DIRECTIONS FOR THIS TASK: Starting at the first line and ending at the one with "Data Type Conversion1 : DataTypeConversion", give the lines of the listing again exactly, and nothing else; skip the pictures.

DATASET:

━━━━━━━━━━━━━━━━━━━━━━━━━━━━━━

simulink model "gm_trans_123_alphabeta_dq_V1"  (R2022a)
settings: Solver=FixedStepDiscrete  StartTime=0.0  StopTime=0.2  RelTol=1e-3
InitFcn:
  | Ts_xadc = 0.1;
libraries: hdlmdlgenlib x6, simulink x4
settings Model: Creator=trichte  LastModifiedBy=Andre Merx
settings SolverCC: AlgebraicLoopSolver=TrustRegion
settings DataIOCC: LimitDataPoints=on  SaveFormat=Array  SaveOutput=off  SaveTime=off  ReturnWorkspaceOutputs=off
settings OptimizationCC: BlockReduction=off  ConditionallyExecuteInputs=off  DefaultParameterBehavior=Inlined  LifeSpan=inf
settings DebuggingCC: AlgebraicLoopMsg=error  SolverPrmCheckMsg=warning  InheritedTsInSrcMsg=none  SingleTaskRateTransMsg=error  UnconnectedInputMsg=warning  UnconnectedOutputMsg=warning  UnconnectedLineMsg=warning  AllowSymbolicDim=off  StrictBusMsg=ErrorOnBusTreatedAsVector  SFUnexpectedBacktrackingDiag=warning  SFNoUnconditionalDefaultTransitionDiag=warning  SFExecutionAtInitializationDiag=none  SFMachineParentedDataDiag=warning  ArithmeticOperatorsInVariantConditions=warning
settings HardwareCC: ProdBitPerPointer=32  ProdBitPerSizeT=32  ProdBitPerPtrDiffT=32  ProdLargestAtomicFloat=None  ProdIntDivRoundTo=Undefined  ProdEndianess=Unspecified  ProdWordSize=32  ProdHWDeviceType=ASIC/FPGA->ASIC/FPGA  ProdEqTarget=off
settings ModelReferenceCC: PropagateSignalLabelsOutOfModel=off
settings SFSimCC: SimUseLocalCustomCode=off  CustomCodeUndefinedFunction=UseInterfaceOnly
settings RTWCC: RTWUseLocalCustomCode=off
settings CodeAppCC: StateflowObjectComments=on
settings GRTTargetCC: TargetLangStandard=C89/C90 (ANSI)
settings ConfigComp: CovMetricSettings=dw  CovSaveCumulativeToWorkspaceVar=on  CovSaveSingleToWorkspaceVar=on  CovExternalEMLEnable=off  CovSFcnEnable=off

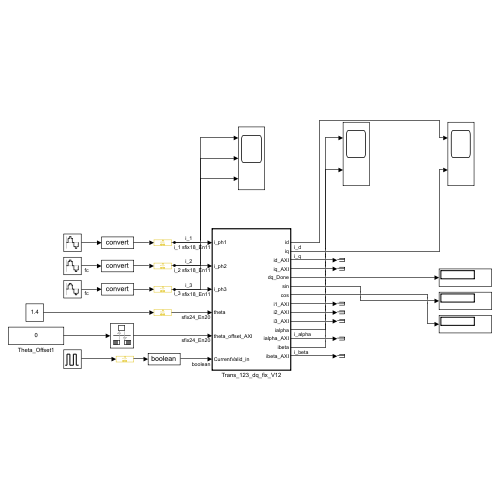
[thumbnail: Simulink's stored preview of the top-level diagram]
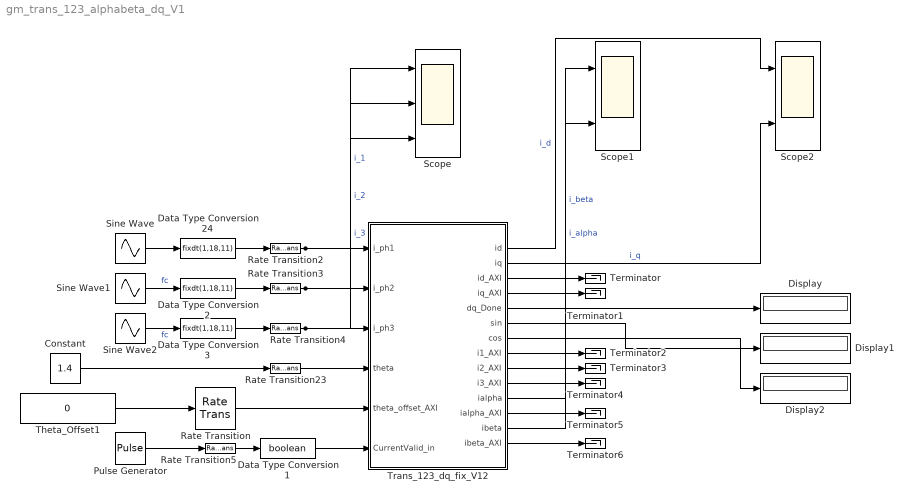
== system gm_trans_123_alphabeta_dq_V1 ==
  Constant : Constant  Value=1.4  OutDataTypeStr=fixdt(1,24,20)
  Data Type Conversion1 : DataTypeConversion  OutDataTypeStr=boolean  SaturateOnIntegerOverflow=off  RndMeth=Floor
  Data Type Conversion2 : DataTypeConversion  OutDataTypeStr=fixdt(1,18,11)  SaturateOnIntegerOverflow=off  RndMeth=Floor
  Data Type Conversion24 : DataTypeConversion  OutDataTypeStr=fixdt(1,18,11)  SaturateOnIntegerOverflow=off  RndMeth=Floor
  Data Type Conversion3 : DataTypeConversion  OutDataTypeStr=fixdt(1,18,11)  SaturateOnIntegerOverflow=off  RndMeth=Floor
  Display : Display
  Display1 : Display
  Display2 : Display
  Pulse Generator : DiscretePulseGenerator  PulseType=Time based  Period=1/100000  PulseWidth=5
  Rate Transition{,2..5,23} (6 alike) : RateTransition  OutPortSampleTime=T_50MHz
  Scope : Scope  NumInputPorts=3
  Scope1 : Scope  NumInputPorts=2
  Scope2 : Scope  NumInputPorts=2
  Sine Wave : Sin  Frequency=100  SampleTime=1/100000
  Sine Wave1 : Sin  Frequency=100  Phase=(2/3)*pi  SampleTime=1/100000
  Sine Wave2 : Sin  Frequency=100  Phase=(4/3)*pi  SampleTime=1/100000
  Terminator{,1..6} (7 alike) : Terminator
  Theta_Offset1 : Constant  Value=0  OutDataTypeStr=fixdt(1,24,20)
  Trans_123_dq_fix_V12 : Subsystem  TreatAsAtomicUnit=on
  wires:
  Sine Wave1/1 -> Data Type Conversion2/1  "fc"
  Data Type Conversion3/1 -> Rate Transition4/1
  Data Type Conversion2/1 -> Rate Transition3/1
  Data Type Conversion24/1 -> Rate Transition2/1
  Sine Wave/1 -> Data Type Conversion24/1
  Trans_123_dq_fix_V12/12(ialpha_AXI) -> Terminator5/1
  Trans_123_dq_fix_V12/6(sin) -> Display1/1
  Trans_123_dq_fix_V12/2(iq) -> Scope2/2  "i_q"
  Rate Transition5/1 -> Data Type Conversion1/1
  Trans_123_dq_fix_V12/10(i3_AXI) -> Terminator4/1
  Trans_123_dq_fix_V12/11(ialpha) -> Scope1/1  "i_alpha"
  Trans_123_dq_fix_V12/14(ibeta_AXI) -> Terminator6/1
  Constant/1 -> Rate Transition23/1
  Trans_123_dq_fix_V12/7(cos) -> Display2/1
  Trans_123_dq_fix_V12/4(iq_AXI) -> Terminator1/1
  Rate Transition23/1 -> Trans_123_dq_fix_V12/4(theta)
  Trans_123_dq_fix_V12/9(i2_AXI) -> Terminator3/1
  Pulse Generator/1 -> Rate Transition5/1
  Rate Transition4/1 -> Trans_123_dq_fix_V12/3(i_ph3), Scope/3  "i_3"
  Data Type Conversion1/1 -> Trans_123_dq_fix_V12/6(CurrentValid_in)
  Rate Transition/1 -> Trans_123_dq_fix_V12/5(theta_offset_AXI)
  Rate Transition2/1 -> Trans_123_dq_fix_V12/1(i_ph1), Scope/1  "i_1"
  Rate Transition3/1 -> Trans_123_dq_fix_V12/2(i_ph2), Scope/2  "i_2"
  Theta_Offset1/1 -> Rate Transition/1
  Trans_123_dq_fix_V12/1(id) -> Scope2/1  "i_d"
  Trans_123_dq_fix_V12/8(i1_AXI) -> Terminator2/1
  Trans_123_dq_fix_V12/5(dq_Done) -> Display/1
  Trans_123_dq_fix_V12/3(id_AXI) -> Terminator/1
  Trans_123_dq_fix_V12/13(ibeta) -> Scope1/2  "i_beta"
  Sine Wave2/1 -> Data Type Conversion3/1  "fc"

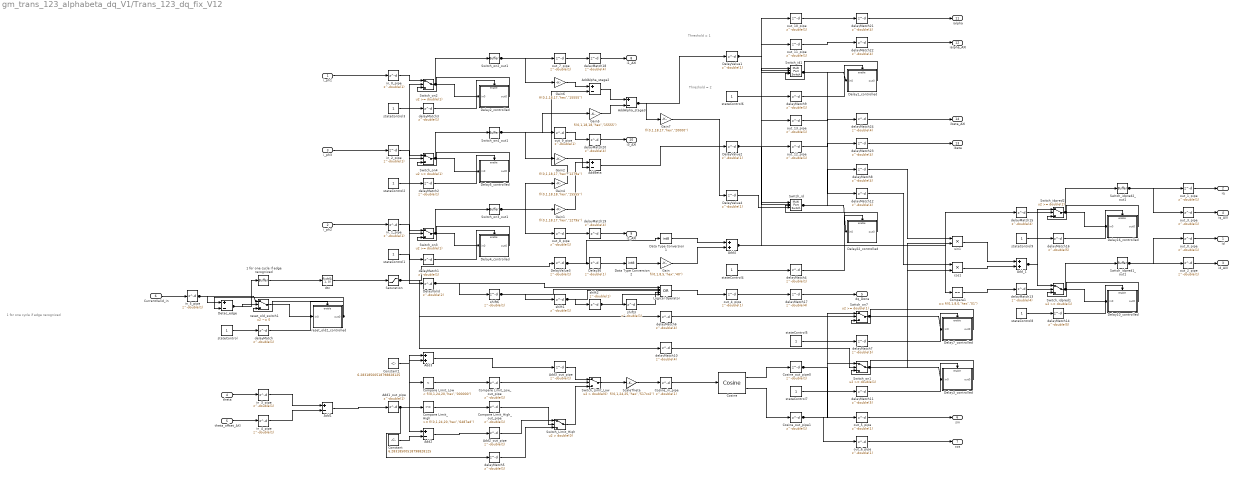
== system gm_trans_123_alphabeta_dq_V1/Trans_123_dq_fix_V12 ==
  note: Threshold = 2
  note: Threshold = 1
  note: 1 for one cycle if edge recognized
  i_ph1 : Inport  OutDataTypeStr=fixdt(1, 18, 11)  PortDimensions=1  SampleTime=2e-08
  i_ph2 : Inport  Port=2  OutDataTypeStr=fixdt(1, 18, 11)  PortDimensions=1  SampleTime=2e-08
  i_ph3 : Inport  Port=3  OutDataTypeStr=fixdt(1, 18, 11)  PortDimensions=1  SampleTime=2e-08
  theta : Inport  Port=4  OutDataTypeStr=fixdt(1, 24, 20)  PortDimensions=1  SampleTime=2e-08
  theta_offset_AXI : Inport  Port=5  OutDataTypeStr=fixdt(1, 24, 20)  PortDimensions=1  SampleTime=2e-08
  CurrentValid_in : Inport  Port=6  OutDataTypeStr=boolean  PortDimensions=1  SampleTime=2e-08
  1 for one cycle if edge recognized : hdlmdlgenlib/Buffer
      settings: SourceProductBaseCode=SL
  Add1 : Sum  Inputs=+-  AccumDataTypeStr=fixdt(1, 24, 20)  OutDataTypeStr=fixdt(1, 24, 20)  SampleTime=2e-08
  Add1_out_pipe : Delay  DelayLength=double(1)  InitialCondition=0  SampleTime=2e-08
  Add2 : Sum  Inputs=+-  AccumDataTypeStr=fixdt(1, 24, 20)  OutDataTypeStr=fixdt(1, 24, 20)  SampleTime=2e-08
  Add2_out_pipe : Delay  DelayLength=double(1)  InitialCondition=0  SampleTime=2e-08
  Add3 : Sum  AccumDataTypeStr=fixdt(1, 24, 20)  OutDataTypeStr=fixdt(1, 24, 20)  SampleTime=2e-08
  Add3_out_pipe : Delay  DelayLength=double(1)  InitialCondition=0  SampleTime=2e-08
  Add4 : Sum  AccumDataTypeStr=int8  OutDataTypeStr=int8  RndMeth=Simplest  SampleTime=2e-08
  AddAlpha_stage2 : Sum  Inputs=+-  AccumDataTypeStr=fixdt(1, 18, 11)  OutDataTypeStr=fixdt(1, 18, 11)  SampleTime=2e-08
  AddAlpha_stage3 : Sum  Inputs=+-  AccumDataTypeStr=fixdt(1, 18, 11)  OutDataTypeStr=fixdt(1, 18, 11)  SampleTime=2e-08
  AddBeta : Sum  Inputs=+-  AccumDataTypeStr=fixdt(1, 18, 11)  OutDataTypeStr=fixdt(1, 18, 11)  SampleTime=2e-08
  Add_1 : Sum  AccumDataTypeStr=fixdt(1, 18, 11)  OutDataTypeStr=fixdt(1, 18, 11)  SampleTime=2e-08
  Compare Limit_High : simulink/Logic and Bit Operations/Compare To Constant  relop=>=  const="fi(0,1,24,20,\"hex\",\"6487ed\")"  OutDataTypeStr=boolean
  Compare Limit_High_out_pipe : Delay  DelayLength=double(1)  InitialCondition=0  SampleTime=2e-08
  Compare Limit_Low : simulink/Logic and Bit Operations/Compare To Constant  relop=<  const="fi(0,1,24,20,\"hex\",\"000000\")"  OutDataTypeStr=boolean
  Compare Limit_Low_out_pipe : Delay  DelayLength=double(1)  InitialCondition=0  SampleTime=2e-08
  Compare1 : simulink/Logic and Bit Operations/Compare To Constant  relop===  const="fi(0,1,8,0,\"hex\",\"01\")"  OutDataTypeStr=boolean
  Constant : Constant  Value=6.28318500518798828125  OutDataTypeStr=fixdt(1, 24, 20)  SampleTime=2e-08
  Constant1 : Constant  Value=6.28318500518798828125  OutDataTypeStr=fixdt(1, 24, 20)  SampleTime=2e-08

━━━━━━━━━━━━━━━━━━━━━━━━━━━━━━

OUTPUT FOR THIS TASK:
simulink model "gm_trans_123_alphabeta_dq_V1"  (R2022a)
settings: Solver=FixedStepDiscrete  StartTime=0.0  StopTime=0.2  RelTol=1e-3
InitFcn:
  | Ts_xadc = 0.1;
libraries: hdlmdlgenlib x6, simulink x4
settings Model: Creator=trichte  LastModifiedBy=Andre Merx
settings SolverCC: AlgebraicLoopSolver=TrustRegion
settings DataIOCC: LimitDataPoints=on  SaveFormat=Array  SaveOutput=off  SaveTime=off  ReturnWorkspaceOutputs=off
settings OptimizationCC: BlockReduction=off  ConditionallyExecuteInputs=off  DefaultParameterBehavior=Inlined  LifeSpan=inf
settings DebuggingCC: AlgebraicLoopMsg=error  SolverPrmCheckMsg=warning  InheritedTsInSrcMsg=none  SingleTaskRateTransMsg=error  UnconnectedInputMsg=warning  UnconnectedOutputMsg=warning  UnconnectedLineMsg=warning  AllowSymbolicDim=off  StrictBusMsg=ErrorOnBusTreatedAsVector  SFUnexpectedBacktrackingDiag=warning  SFNoUnconditionalDefaultTransitionDiag=warning  SFExecutionAtInitializationDiag=none  SFMachineParentedDataDiag=warning  ArithmeticOperatorsInVariantConditions=warning
settings HardwareCC: ProdBitPerPointer=32  ProdBitPerSizeT=32  ProdBitPerPtrDiffT=32  ProdLargestAtomicFloat=None  ProdIntDivRoundTo=Undefined  ProdEndianess=Unspecified  ProdWordSize=32  ProdHWDeviceType=ASIC/FPGA->ASIC/FPGA  ProdEqTarget=off
settings ModelReferenceCC: PropagateSignalLabelsOutOfModel=off
settings SFSimCC: SimUseLocalCustomCode=off  CustomCodeUndefinedFunction=UseInterfaceOnly
settings RTWCC: RTWUseLocalCustomCode=off
settings CodeAppCC: StateflowObjectComments=on
settings GRTTargetCC: TargetLangStandard=C89/C90 (ANSI)
settings ConfigComp: CovMetricSettings=dw  CovSaveCumulativeToWorkspaceVar=on  CovSaveSingleToWorkspaceVar=on  CovExternalEMLEnable=off  CovSFcnEnable=off

[thumbnail: Simulink's stored preview of the top-level diagram]
== system gm_trans_123_alphabeta_dq_V1 ==
  Constant : Constant  Value=1.4  OutDataTypeStr=fixdt(1,24,20)
  Data Type Conversion1 : DataTypeConversion  OutDataTypeStr=boolean  SaturateOnIntegerOverflow=off  RndMeth=Floor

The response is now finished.